Photos: Vincent Ho HarderLee Photography, Dame Evelyn Glennie Chronic Creative
Everybody knows someone who’s been impacted by cancer at some point in their life.
The range of feelings that come alongside that journey will be put into symphonic form in Saskatoon this Saturday during a piece by Calgary composer, Vincent Ho.
The work, called From Darkness to Light: A Spiritual Journey, was inspired by his late friend’s cancer diagnosis nearly ten years ago, but it was propelled by copious amounts of research on the disease and interviews with about a dozen people who had been affected either directly or indirectly.

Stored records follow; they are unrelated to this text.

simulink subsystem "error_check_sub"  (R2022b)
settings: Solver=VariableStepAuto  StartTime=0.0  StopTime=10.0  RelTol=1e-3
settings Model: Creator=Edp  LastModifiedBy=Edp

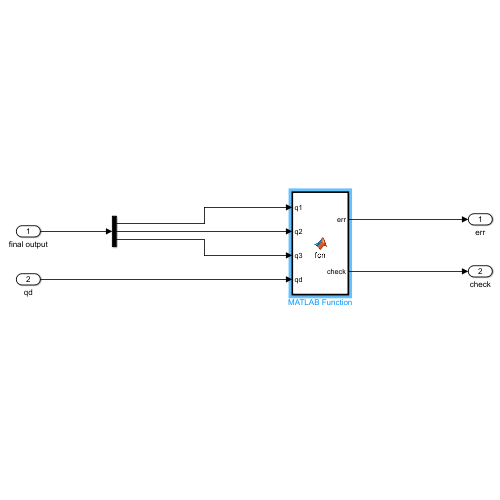
[thumbnail: Simulink's stored preview of the top-level diagram]
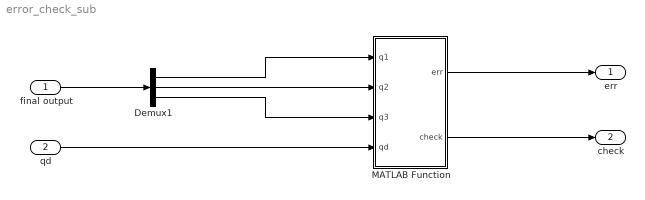
== system error_check_sub ==
  final output : Inport
  qd : Inport  Port=2
  Demux1 : Demux  Outputs=3
  MATLAB Function : MATLAB Function  TreatAsAtomicUnit=on  SystemSampleTime=0.1
  err : Outport
  check : Outport  Port=2
  wires:
  MATLAB Function/1(err) -> err/1
  Demux1/1 -> MATLAB Function/1(q1)
  final output/1 -> Demux1/1
  MATLAB Function/2(check) -> check/1
  Demux1/2 -> MATLAB Function/2(q2)
  Demux1/3 -> MATLAB Function/3(q3)
  qd/1 -> MATLAB Function/4(qd)

== matlab function error_check_sub/MATLAB Function ==
  settings: updateMethod=DISCRETE
  data: q1 input; q2 input; q3 input; qd input; err output; check output
function [err, check] = fcn(q1,q2,q3,qd)
check = 0;
thresh = 1;
err = [10, 10, 10];
qq1 = [q1(1) q1(2)];
qq2 = [q2(1) q2(2)];
qq3 = [q3(1) q3(2)];
qqd = [qd(1) qd(2)];

err(1) = norm(qqd - qq1);
err(2) = norm(qqd - qq2);
err(3) = norm(qqd - qq3);

persistent k;
if isempty(k)
    k = 0;
else
    if err(1) < thresh && err(2) < thresh && err(3) < thresh
        k = k + 1;
    else
        k = 0;
        check = 0;
    end
        
    if k > 15
        check = 1;
    end
end

“The process is for me to understand the research enough to see the humanity behind it,” Ho explains. “From those shared stories, there were a lot of commonalities with what they experienced, and that’s what I wanted to capture in symphonic form.”
Ho explains that the music follows the rollercoaster of emotions that comes with cancer diagnosis, starting with fear and anger, and eventually progressing into hope and acceptance. The piece is being performed as part of a larger production by the Saskatoon Symphony Orchestra called The Space Between.
He will be joined on stage by Dame Evelyn Glennie, who, despite being deaf, is the only person in history to sustain a full-time career as a solo percussionist.
“She manipulates sound and sonic colours in ways that changes our consciousness and how we relate to the world…There’s so much more to sound that most of us in the hearing world can understand.”
This will be her first time in Saskatoon.
“It’s also a concert that celebrates my fiftieth and her sixtieth birthday season, and so this may be the one and only opportunity that people here in Saskatoon will get a chance to hear her perform live with the orchestra,” Ho shared.
The show is at TCU at 7:30. Tickets are available at SaskatoonSymphony.org.